ROMA: Resource Orchestration for Microservices-based 5G Applications

With the growth of 5G, Internet of Things (IoT), edge computing and cloud computing technologies, the infrastructure (compute and network) available to emerging applications (AR/VR, autonomous driving, industry 4.0, etc.) has become quite complex. There are multiple tiers of computing (IoT devices, near edge, far edge, cloud, etc.) that are connected with different types of networking technologies (LAN, LTE, 5G, MAN, WAN, etc.). Deployment and management of applications in such an environment is quite challenging. In this paper, we propose ROMA, which performs resource orchestration for microservices-based 5G applications in a dynamic, heterogeneous, multi-tiered compute and network fabric. We assume that only application-level requirements are known, and the detailed requirements of the individual microservices in the application are not specified. As part of our solution, ROMA identifies and leverages the coupling relationship between compute and network usage for various microservices and solves an optimization problem in order to appropriately identify how each microservice should be deployed in the complex, multi-tiered compute and network fabric, so that the end-to-end application requirements are optimally met. We implemented two real-world 5G applications in video surveillance and intelligent transportation system (ITS) domains. Through extensive experiments, we show that ROMA is able to save up to 90%, 55% and 44% compute and up to 80%, 95% and 75% network bandwidth for the surveillance (watchlist) and transportation application (person and car detection), respectively. This improvement is achieved while honoring the application performance requirements, and it is over an alternative scheme that employs a static and overprovisioned resource allocation strategy by ignoring the resource coupling relationships.

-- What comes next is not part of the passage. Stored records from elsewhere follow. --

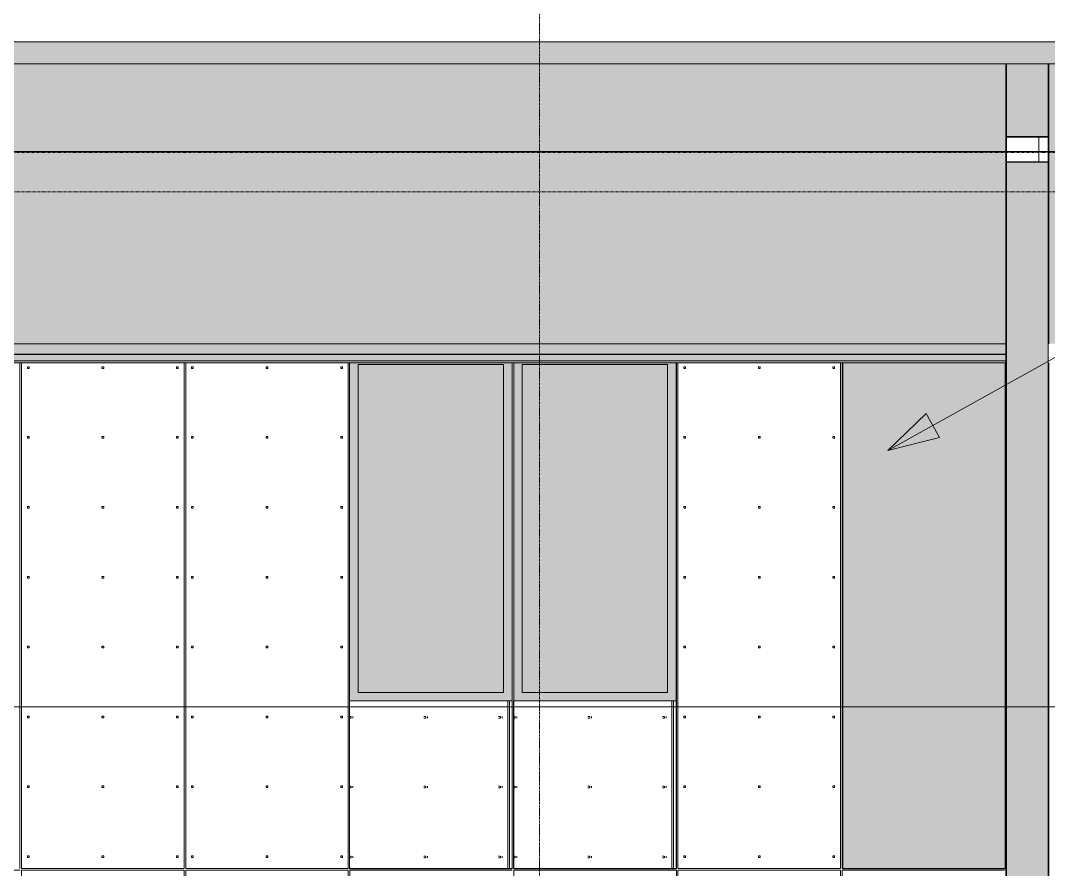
# Model space of a CAD drawing. Header units: inches. Extents: x 1750 to 7619, y -360 to 620.
# Drawn here: x 6615.6 to 6856.2, y 229.9 to 428.7 of the extents above; entities that cross this region are included whole.
import ezdxf

# ---------------------------------------------------------------- set-up
doc = ezdxf.new("R2010")
doc.units = ezdxf.units.IN
doc.header["$MEASUREMENT"] = 0
doc.linetypes.add('Aligning Line 1_8_', pattern=[0.25, 0.125, -0.125])
doc.linetypes.add('Grid Line 1_2_', pattern=[0.875, 0.5, -0.125, 0.125, -0.125])
for name, color, linetype, lineweight in [('0-4', 10, 'Continuous', 5), ('A-FLOR-LEVL-1', 51, 'Grid Line 1_2_', 9), ('A-GENM', 5, 'Continuous', 9), ('A-GLAZ', 151, 'Continuous', 13), ('A-GLAZ-1', 251, 'Continuous', 9), ('A-ROOF', 132, 'Continuous', 13), ('A-WALL', 113, 'Continuous', 13), ('A-WALL-PATT-1', 251, 'Continuous', 9), ('G-ANNO-SYMB', 111, 'Aligning Line 1_8_', 9), ('G-ANNO-SYMB-1', 191, 'Aligning Line 1_8_', 9), ('G-ANNO-TEXT', 231, 'Continuous', 9), ('S-GRID-1', 1, 'Grid Line 1_2_', 9)]:
    doc.layers.add(name, color=color, linetype=linetype, lineweight=lineweight)

# ---------------------------------------------------------------- blocks, each defined once
blk = doc.blocks.new('CTR - 2nd Phase_rvt-2-BUILDING ELEVATION - NORTH')
at = {"layer": 'A-FLOR-LEVL-1'}
for p, q in [((-12558.48, 398), (-9609.49, 398)), ((-12558.48, 268), (-9609.49, 268))]:
    blk.add_line(p, q, dxfattribs=at)
at = {"layer": 'G-ANNO-SYMB-1'}
blk.add_line((-12461.79, 388.59), (-9706.16, 388.59), dxfattribs=at)
blk = doc.blocks.new('CTR - 1st Phase - Common Walls_rvt-2-BUILDING ELEVATION - NORTH')
at = {"layer": 'A-FLOR-LEVL-1'}
for p, q in [((-12558.48, 398), (-9609.49, 398)), ((-12558.48, 268), (-9609.49, 268))]:
    blk.add_line(p, q, dxfattribs=at)
blk = doc.blocks.new('CTR - 1st Phase -Stairs _ Elevators_rvt-2-BUILDING ELEVATION - NORTH')
at = {"layer": 'A-FLOR-LEVL-1'}
for p, q in [((-12558.48, 398), (-9609.49, 398)), ((-12558.48, 268), (-9609.49, 268))]:
    blk.add_line(p, q, dxfattribs=at)
blk = doc.blocks.new('Basic Wall _ EXT - FIBER CEMENT - LARGE - ___-2162461-BUILDING ELEVATION - NORTH')
at = {"layer": 'A-WALL'}
for points in [[(-10696.47, 350.53), (-10358, 350.53), (-10358, 353), (-10780.78, 353), (-10780.78, 350.53), (-10707.23, 350.53)], [(-10653.41, 350.46), (-10358, 350.5), (-10358, 350.53), (-10780.78, 350.5), (-10780.74, 350.46), (-10665.58, 350.46)], [(-10610.35, 349.02), (-10358, 349.02), (-10358, 350.46), (-10780.78, 350.46), (-10780.78, 349.02), (-10624.8, 349.02)], [(-10358.19, 348.68), (-10358, 348.68), (-10358, 349.02), (-10780.78, 349.02), (-10780.78, 348.68), (-10362.78, 348.68)], [(-10653.41, 348.55), (-10358, 348.59), (-10358, 348.68), (-10780.78, 348.64), (-10780.77, 348.55), (-10664.82, 348.55)]]:
    blk.add_hatch(color=256, dxfattribs=at).paths.add_polyline_path(points, flags=0)
for p, q in [((-10780.78, 353), (-10358, 353)), ((-10358, 353), (-10358, 350.53)), ((-10780.78, 350.53), (-10358, 350.53)), ((-10780.78, 350.46), (-10358, 350.46)), ((-10780.78, 349.02), (-10358, 349.02)), ((-10358, 350.53), (-10358, 350.46)), ((-10358, 350.46), (-10358, 349.02)), ((-10358, 349.02), (-10358, 348.68)), ((-10780.78, 348.51), (-10358, 348.51)), ((-10358, 348.68), (-10358, 348.55)), ((-10358, 348.55), (-10358, 348.53)), ((-10358, 348.53), (-10358, 348.51))]:
    blk.add_line(p, q, dxfattribs=at)
blk = doc.blocks.new('Basic Wall _ EXT - FIBER CEMENT - SMALL - ___-2145935-BUILDING ELEVATION - NORTH')
at = {"layer": 'A-WALL'}
blk.add_hatch(color=256, dxfattribs=at).paths.add_polyline_path([(-12111.96, 418.54), (-9973.63, 418.54), (-9973.63, 423.66), (-12125.15, 423.66), (-12125.15, 418.54), (-12117.34, 418.54)], flags=0)
for p, q in [((-12125.15, 423.66), (-9973.63, 423.66)), ((-12125.15, 418.54), (-9973.63, 418.54))]:
    blk.add_line(p, q, dxfattribs=at)
blk = doc.blocks.new('_THE_ WINDOW _ DOOR - hvac panel - 3rd floor-V25-BUILDING ELEVATION - NORTH')
at = {"layer": 'A-GLAZ-1'}
h = blk.add_hatch(dxfattribs=at)
h.set_pattern_fill('FP_58', color=256, style=0, pattern_type=2)
h.set_pattern_definition([(0, (-10371.001, 294.812), (1, 1), [0.5, -1.5]), (90, (-10370.751, 294.562), (-1, 1), [0.5, -1.5])])
h.paths.add_polyline_path([(-10395.07, 230.12), (-10358.19, 230.12), (-10358.19, 348.51), (-10396.21, 348.51), (-10396.21, 230.12)], flags=0)
at = {"layer": 'A-GLAZ'}
for p, q in [((-10396.21, 348.52), (-10396.21, 230.12)), ((-10358.19, 230.12), (-10358.19, 348.52)), ((-10396.21, 230.12), (-10358.19, 230.12))]:
    blk.add_line(p, q, dxfattribs=at)
blk = doc.blocks.new('_THE_ WINDOW _ DOOR - Window - 3rd Floor-V22-BUILDING ELEVATION - NORTH')
at = {"layer": 'A-GLAZ'}
h = blk.add_hatch(color=256, dxfattribs=at)
h.paths.add_polyline_path([(-11394.8, 269.37), (-11356.78, 269.37), (-11356.78, 348.51), (-11394.8, 348.51), (-11394.8, 343.64)], flags=0)
h.paths.add_polyline_path([(-11392.8, 271.37), (-11392.8, 348.12), (-11358.78, 348.12), (-11358.78, 271.37)], flags=0)
blk.add_hatch(color=256, dxfattribs=at).paths.add_polyline_path([(-11392.8, 271.37), (-11358.78, 271.37), (-11358.78, 348.12), (-11392.8, 348.12), (-11392.8, 305.4)], flags=0)
at = {"layer": 'A-GLAZ-1'}
h = blk.add_hatch(dxfattribs=at)
h.set_pattern_fill('FP_54', color=256, style=0, pattern_type=2)
h.set_pattern_definition([(0, (-11355.04, 287.55), (-38.4, 120.38), [0.392, -38.007]), (0, (-11355.04, 287.95), (-38.4, 120.38), [0.392, -38.007]), (0, (-11355.04, 303.91), (-38.4, 120.38), [0.392, -38.007]), (0, (-11355.04, 304.3), (-38.4, 120.38), [0.392, -38.007]), (0, (-11355.04, 320.27), (-38.4, 120.38), [0.392, -38.007]), (0, (-11355.04, 320.66), (-38.4, 120.38), [0.392, -38.007]), (0, (-11355.04, 336.62), (-38.4, 120.38), [0.392, -38.007]), (0, (-11355.04, 337.02), (-38.4, 120.38), [0.392, -38.007]), (0, (-11355.04, 352.98), (-38.4, 120.38), [0.392, -38.007]), (0, (-11355.04, 353.38), (-38.4, 120.38), [0.392, -38.007]), (0, (-11355.04, 369.34), (-38.4, 120.38), [0.392, -38.007]), (0, (-11355.04, 369.73), (-38.4, 120.375), [0.392, -38.007]), (0, (-11355.04, 385.7), (-38.4, 120.375), [0.392, -38.007]), (0, (-11355.04, 386.09), (-38.4, 120.375), [0.392, -38.007]), (0, (-11355.04, 402.05), (-38.4, 120.375), [0.392, -38.007]), (0, (-11355.04, 402.45), (-38.4, 120.375), [0.392, -38.007]), (0, (-11337.59, 287.55), (-38.4, 120.38), [0.392, -38.007]), (0, (-11337.59, 287.95), (-38.4, 120.38), [0.392, -38.007]), (0, (-11337.59, 303.91), (-38.4, 120.38), [0.392, -38.007]), (0, (-11337.59, 304.3), (-38.4, 120.38), [0.392, -38.007]), (0, (-11337.59, 320.27), (-38.4, 120.38), [0.392, -38.007]), (0, (-11337.59, 320.66), (-38.4, 120.38), [0.392, -38.007]), (0, (-11337.59, 336.62), (-38.4, 120.38), [0.392, -38.007]), (0, (-11337.59, 337.02), (-38.4, 120.38), [0.392, -38.007]), (0, (-11337.59, 352.98), (-38.4, 120.38), [0.392, -38.007]), (0, (-11337.59, 353.38), (-38.4, 120.38), [0.392, -38.007]), (0, (-11337.59, 369.34), (-38.4, 120.375), [0.392, -38.007]), (0, (-11337.59, 369.73), (-38.4, 120.375), [0.392, -38.007]), (0, (-11337.59, 385.7), (-38.4, 120.375), [0.392, -38.007]), (0, (-11337.59, 386.09), (-38.4, 120.375), [0.392, -38.007]), (0, (-11337.59, 402.05), (-38.4, 120.375), [0.392, -38.007]), (0, (-11337.59, 402.45), (-38.4, 120.375), [0.392, -38.007]), (0, (-11320.14, 287.55), (-38.4, 120.38), [0.392, -38.007]), (0, (-11320.14, 287.95), (-38.4, 120.38), [0.392, -38.007]), (0, (-11320.14, 303.91), (-38.4, 120.38), [0.392, -38.007]), (0, (-11320.14, 304.3), (-38.4, 120.38), [0.392, -38.007]), (0, (-11320.14, 320.27), (-38.4, 120.38), [0.392, -38.007]), (0, (-11320.14, 320.66), (-38.4, 120.38), [0.392, -38.007]), (0, (-11320.14, 336.62), (-38.4, 120.38), [0.392, -38.007]), (0, (-11320.14, 337.02), (-38.4, 120.38), [0.392, -38.007]), (0, (-11320.14, 352.98), (-38.4, 120.38), [0.392, -38.007]), (0, (-11320.14, 353.38), (-38.4, 120.38), [0.392, -38.007]), (0, (-11320.14, 369.34), (-38.4, 120.375), [0.392, -38.007]), (0, (-11320.14, 369.73), (-38.4, 120.375), [0.392, -38.007]), (0, (-11320.14, 385.7), (-38.4, 120.375), [0.392, -38.007]), (0, (-11320.14, 386.09), (-38.4, 120.375), [0.392, -38.007]), (0, (-11320.14, 402.05), (-38.4, 120.375), [0.392, -38.007]), (0, (-11320.14, 402.45), (-38.4, 120.375), [0.392, -38.007]), (90, (-11356.777, 285), (-38.4, 2e-15), [120, -0.375]), (90, (-11356.402, 285), (-38.4, 2e-15), [120, -0.375]), (90, (-11355.036, 287.554), (-38.4, 2e-15), [0.392, -119.982]), (90, (-11355.036, 303.91), (-38.4, 2e-15), [0.392, -119.982]), (90, (-11355.036, 320.268), (-38.4, 2e-15), [0.392, -119.982]), (90, (-11355.036, 336.625), (-38.4, 2e-15), [0.392, -119.982]), (90, (-11355.036, 352.982), (-38.4, 2e-15), [0.392, -119.982]), (90, (-11355.036, 369.34), (-38.4, 2e-15), [0.392, -119.982]), (90, (-11355.036, 385.697), (-38.4, 2e-15), [0.392, -119.982]), (90, (-11355.036, 402.054), (-38.4, 2e-15), [0.392, -119.982]), (90, (-11354.643, 287.554), (-38.4, 2e-15), [0.392, -119.982]), (90, (-11354.643, 303.91), (-38.4, 2e-15), [0.392, -119.982]), (90, (-11354.643, 320.268), (-38.4, 2e-15), [0.392, -119.982]), (90, (-11354.643, 336.625), (-38.4, 2e-15), [0.392, -119.982]), (90, (-11354.643, 352.982), (-38.4, 2e-15), [0.392, -119.982]), (90, (-11354.643, 369.34), (-38.4, 2e-15), [0.392, -119.982]), (90, (-11354.643, 385.697), (-38.4, 2e-15), [0.392, -119.982]), (90, (-11354.643, 402.054), (-38.4, 2e-15), [0.392, -119.982]), (90, (-11337.586, 287.554), (-38.4, 2e-15), [0.392, -119.982]), (90, (-11337.586, 303.91), (-38.4, 2e-15), [0.392, -119.982]), (90, (-11337.586, 320.268), (-38.4, 2e-15), [0.392, -119.982]), (90, (-11337.586, 336.625), (-38.4, 2e-15), [0.392, -119.982]), (90, (-11337.586, 352.982), (-38.4, 2e-15), [0.392, -119.982]), (90, (-11337.586, 369.34), (-38.4, 2e-15), [0.392, -119.982]), (90, (-11337.586, 385.697), (-38.4, 2e-15), [0.392, -119.982]), (90, (-11337.586, 402.054), (-38.4, 2e-15), [0.392, -119.982]), (90, (-11337.193, 287.554), (-38.4, 2e-15), [0.392, -119.982]), (90, (-11337.193, 303.91), (-38.4, 2e-15), [0.392, -119.982]), (90, (-11337.193, 320.268), (-38.4, 2e-15), [0.392, -119.982]), (90, (-11337.193, 336.625), (-38.4, 2e-15), [0.392, -119.982]), (90, (-11337.193, 352.982), (-38.4, 2e-15), [0.392, -119.982]), (90, (-11337.193, 369.34), (-38.4, 2e-15), [0.392, -119.982]), (90, (-11337.193, 385.697), (-38.4, 2e-15), [0.392, -119.982]), (90, (-11337.193, 402.054), (-38.4, 2e-15), [0.392, -119.982]), (90, (-11320.136, 287.554), (-38.4, 2e-15), [0.392, -119.982]), (90, (-11320.136, 303.91), (-38.4, 2e-15), [0.392, -119.982]), (90, (-11320.136, 320.268), (-38.4, 2e-15), [0.392, -119.982]), (90, (-11320.136, 336.625), (-38.4, 2e-15), [0.392, -119.982]), (90, (-11320.136, 352.982), (-38.4, 2e-15), [0.392, -119.982]), (90, (-11320.136, 369.34), (-38.4, 2e-15), [0.392, -119.982]), (90, (-11320.136, 385.697), (-38.4, 2e-15), [0.392, -119.982]), (90, (-11320.136, 402.054), (-38.4, 2e-15), [0.392, -119.982]), (90, (-11319.743, 287.554), (-38.4, 2e-15), [0.392, -119.982]), (90, (-11319.743, 303.91), (-38.4, 2e-15), [0.392, -119.982]), (90, (-11319.743, 320.268), (-38.4, 2e-15), [0.392, -119.982]), (90, (-11319.743, 336.625), (-38.4, 2e-15), [0.392, -119.982]), (90, (-11319.743, 352.982), (-38.4, 2e-15), [0.392, -119.982]), (90, (-11319.743, 369.34), (-38.4, 2e-15), [0.392, -119.982]), (90, (-11319.743, 385.697), (-38.4, 2e-15), [0.392, -119.982]), (90, (-11319.743, 402.054), (-38.4, 2e-15), [0.392, -119.982]), (180, (-11318.38, 284.62), (-38.4, 120.38), [38.025, -0.375]), (180, (-11318.38, 285), (-38.4, 120.38), [38.025, -0.375])])
h.paths.add_polyline_path([(-11356.78, 230.12), (-11356.78, 269.37), (-11394.8, 269.37), (-11394.8, 230.12), (-11358.21, 230.12)], flags=0)
at = {"layer": 'A-GLAZ'}
for p, q in [((-11394.8, 348.52), (-11394.8, 269.37)), ((-11392.8, 271.37), (-11392.8, 348.12)), ((-11392.8, 348.12), (-11358.78, 348.12)), ((-11358.78, 348.12), (-11358.78, 271.37)), ((-11356.78, 269.37), (-11356.78, 348.52)), ((-11358.78, 271.37), (-11392.8, 271.37)), ((-11394.8, 269.37), (-11356.78, 269.37)), ((-11394.8, 269.37), (-11394.8, 230.12)), ((-11356.78, 230.12), (-11356.78, 269.37)), ((-11394.8, 230.12), (-11356.78, 230.12))]:
    blk.add_line(p, q, dxfattribs=at)
blk = doc.blocks.new('_THE_ WINDOW _ DOOR - Window - 3rd Floor-V29-BUILDING ELEVATION - NORTH')
at = {"layer": 'A-GLAZ'}
h = blk.add_hatch(color=256, dxfattribs=at)
h.paths.add_polyline_path([(-10511.6, 269.37), (-10473.58, 269.37), (-10473.58, 348.51), (-10511.6, 348.51), (-10511.6, 343.64)], flags=0)
h.paths.add_polyline_path([(-10509.6, 271.37), (-10509.6, 348.12), (-10475.58, 348.12), (-10475.58, 271.37)], flags=0)
blk.add_hatch(color=256, dxfattribs=at).paths.add_polyline_path([(-10509.6, 271.37), (-10475.58, 271.37), (-10475.58, 348.12), (-10509.6, 348.12), (-10509.6, 305.4)], flags=0)
at = {"layer": 'A-GLAZ-1'}
h = blk.add_hatch(dxfattribs=at)
h.set_pattern_fill('FP_66', color=256, style=0, pattern_type=2)
h.set_pattern_definition([(0, (-10471.84, 287.55), (-38.4, 120.38), [0.392, -38.007]), (0, (-10471.84, 287.95), (-38.4, 120.38), [0.392, -38.007]), (0, (-10471.84, 303.91), (-38.4, 120.38), [0.392, -38.007]), (0, (-10471.84, 304.3), (-38.4, 120.38), [0.392, -38.007]), (0, (-10471.84, 320.27), (-38.4, 120.38), [0.392, -38.007]), (0, (-10471.84, 320.66), (-38.4, 120.38), [0.392, -38.007]), (0, (-10471.84, 336.62), (-38.4, 120.38), [0.392, -38.007]), (0, (-10471.84, 337.02), (-38.4, 120.38), [0.392, -38.007]), (0, (-10471.84, 352.98), (-38.4, 120.38), [0.392, -38.007]), (0, (-10471.84, 353.38), (-38.4, 120.38), [0.392, -38.007]), (0, (-10471.84, 369.34), (-38.4, 120.38), [0.392, -38.007]), (0, (-10471.84, 369.73), (-38.4, 120.375), [0.392, -38.007]), (0, (-10471.84, 385.7), (-38.4, 120.375), [0.392, -38.007]), (0, (-10471.84, 386.09), (-38.4, 120.375), [0.392, -38.007]), (0, (-10471.84, 402.05), (-38.4, 120.375), [0.392, -38.007]), (0, (-10471.84, 402.45), (-38.4, 120.375), [0.392, -38.007]), (0, (-10454.39, 287.55), (-38.4, 120.38), [0.392, -38.007]), (0, (-10454.39, 287.95), (-38.4, 120.38), [0.392, -38.007]), (0, (-10454.39, 303.91), (-38.4, 120.38), [0.392, -38.007]), (0, (-10454.39, 304.3), (-38.4, 120.38), [0.392, -38.007]), (0, (-10454.39, 320.27), (-38.4, 120.38), [0.392, -38.007]), (0, (-10454.39, 320.66), (-38.4, 120.38), [0.392, -38.007]), (0, (-10454.39, 336.62), (-38.4, 120.38), [0.392, -38.007]), (0, (-10454.39, 337.02), (-38.4, 120.38), [0.392, -38.007]), (0, (-10454.39, 352.98), (-38.4, 120.38), [0.392, -38.007]), (0, (-10454.39, 353.38), (-38.4, 120.38), [0.392, -38.007]), (0, (-10454.39, 369.34), (-38.4, 120.375), [0.392, -38.007]), (0, (-10454.39, 369.73), (-38.4, 120.375), [0.392, -38.007]), (0, (-10454.39, 385.7), (-38.4, 120.375), [0.392, -38.007]), (0, (-10454.39, 386.09), (-38.4, 120.375), [0.392, -38.007]), (0, (-10454.39, 402.05), (-38.4, 120.375), [0.392, -38.007]), (0, (-10454.39, 402.45), (-38.4, 120.375), [0.392, -38.007]), (0, (-10436.94, 287.55), (-38.4, 120.38), [0.392, -38.007]), (0, (-10436.94, 287.95), (-38.4, 120.38), [0.392, -38.007]), (0, (-10436.94, 303.91), (-38.4, 120.38), [0.392, -38.007]), (0, (-10436.94, 304.3), (-38.4, 120.38), [0.392, -38.007]), (0, (-10436.94, 320.27), (-38.4, 120.38), [0.392, -38.007]), (0, (-10436.94, 320.66), (-38.4, 120.38), [0.392, -38.007]), (0, (-10436.94, 336.62), (-38.4, 120.38), [0.392, -38.007]), (0, (-10436.94, 337.02), (-38.4, 120.38), [0.392, -38.007]), (0, (-10436.94, 352.98), (-38.4, 120.38), [0.392, -38.007]), (0, (-10436.94, 353.38), (-38.4, 120.38), [0.392, -38.007]), (0, (-10436.94, 369.34), (-38.4, 120.375), [0.392, -38.007]), (0, (-10436.94, 369.73), (-38.4, 120.375), [0.392, -38.007]), (0, (-10436.94, 385.7), (-38.4, 120.375), [0.392, -38.007]), (0, (-10436.94, 386.09), (-38.4, 120.375), [0.392, -38.007]), (0, (-10436.94, 402.05), (-38.4, 120.375), [0.392, -38.007]), (0, (-10436.94, 402.45), (-38.4, 120.375), [0.392, -38.007]), (90, (-10473.577, 285), (-38.4, 2e-15), [120, -0.375]), (90, (-10473.202, 285), (-38.4, 2e-15), [120, -0.375]), (90, (-10471.836, 287.554), (-38.4, 2e-15), [0.392, -119.982]), (90, (-10471.836, 303.91), (-38.4, 2e-15), [0.392, -119.982]), (90, (-10471.836, 320.268), (-38.4, 2e-15), [0.392, -119.982]), (90, (-10471.836, 336.625), (-38.4, 2e-15), [0.392, -119.982]), (90, (-10471.836, 352.982), (-38.4, 2e-15), [0.392, -119.982]), (90, (-10471.836, 369.34), (-38.4, 2e-15), [0.392, -119.982]), (90, (-10471.836, 385.697), (-38.4, 2e-15), [0.392, -119.982]), (90, (-10471.836, 402.054), (-38.4, 2e-15), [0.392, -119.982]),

SmartSlice: Dynamic, Self-optimization of Application’s QoS requests to 5G networks

Applications can tailor a network slice by specifying a variety of QoS attributes related to application-specific performance, function or operation. However, some QoS attributes like guaranteed bandwidth required by the application do vary over time. For example, network bandwidth needs of video streams from surveillance cameras can vary a lot depending on the environmental conditions and the content in the video streams. In this paper, we propose a novel, dynamic QoS attribute prediction technique that assists any application to make optimal resource reservation requests at all times. Standard forecasting using traditional cost functions like MAE, MSE, RMSE, MDA, etc. don’t work well because they do not take into account the direction (whether the forecasting of resources is more or less than needed), magnitude (by how much the forecast deviates, and in which direction), or frequency (how many times the forecast deviates from actual needs, and in which direction). The direction, magnitude and frequency have a direct impact on the application’s accuracy of insights, and the operational costs. We propose a new, parameterized cost function that takes into account all three of them, and guides the design of a new prediction technique. To the best of our knowledge, this is the first work that considers time-varying application requirements and dynamically adjusts slice QoS requests to 5G networks in order to ensure a balance between application’s accuracy and operational costs. In a real-world deployment of a surveillance video analytics application over 17 cameras, we show that our technique outperforms other traditional forecasting methods, and it saves 34% of network bandwidth (over a ~24 hour period) when compared to a static, one-time reservation.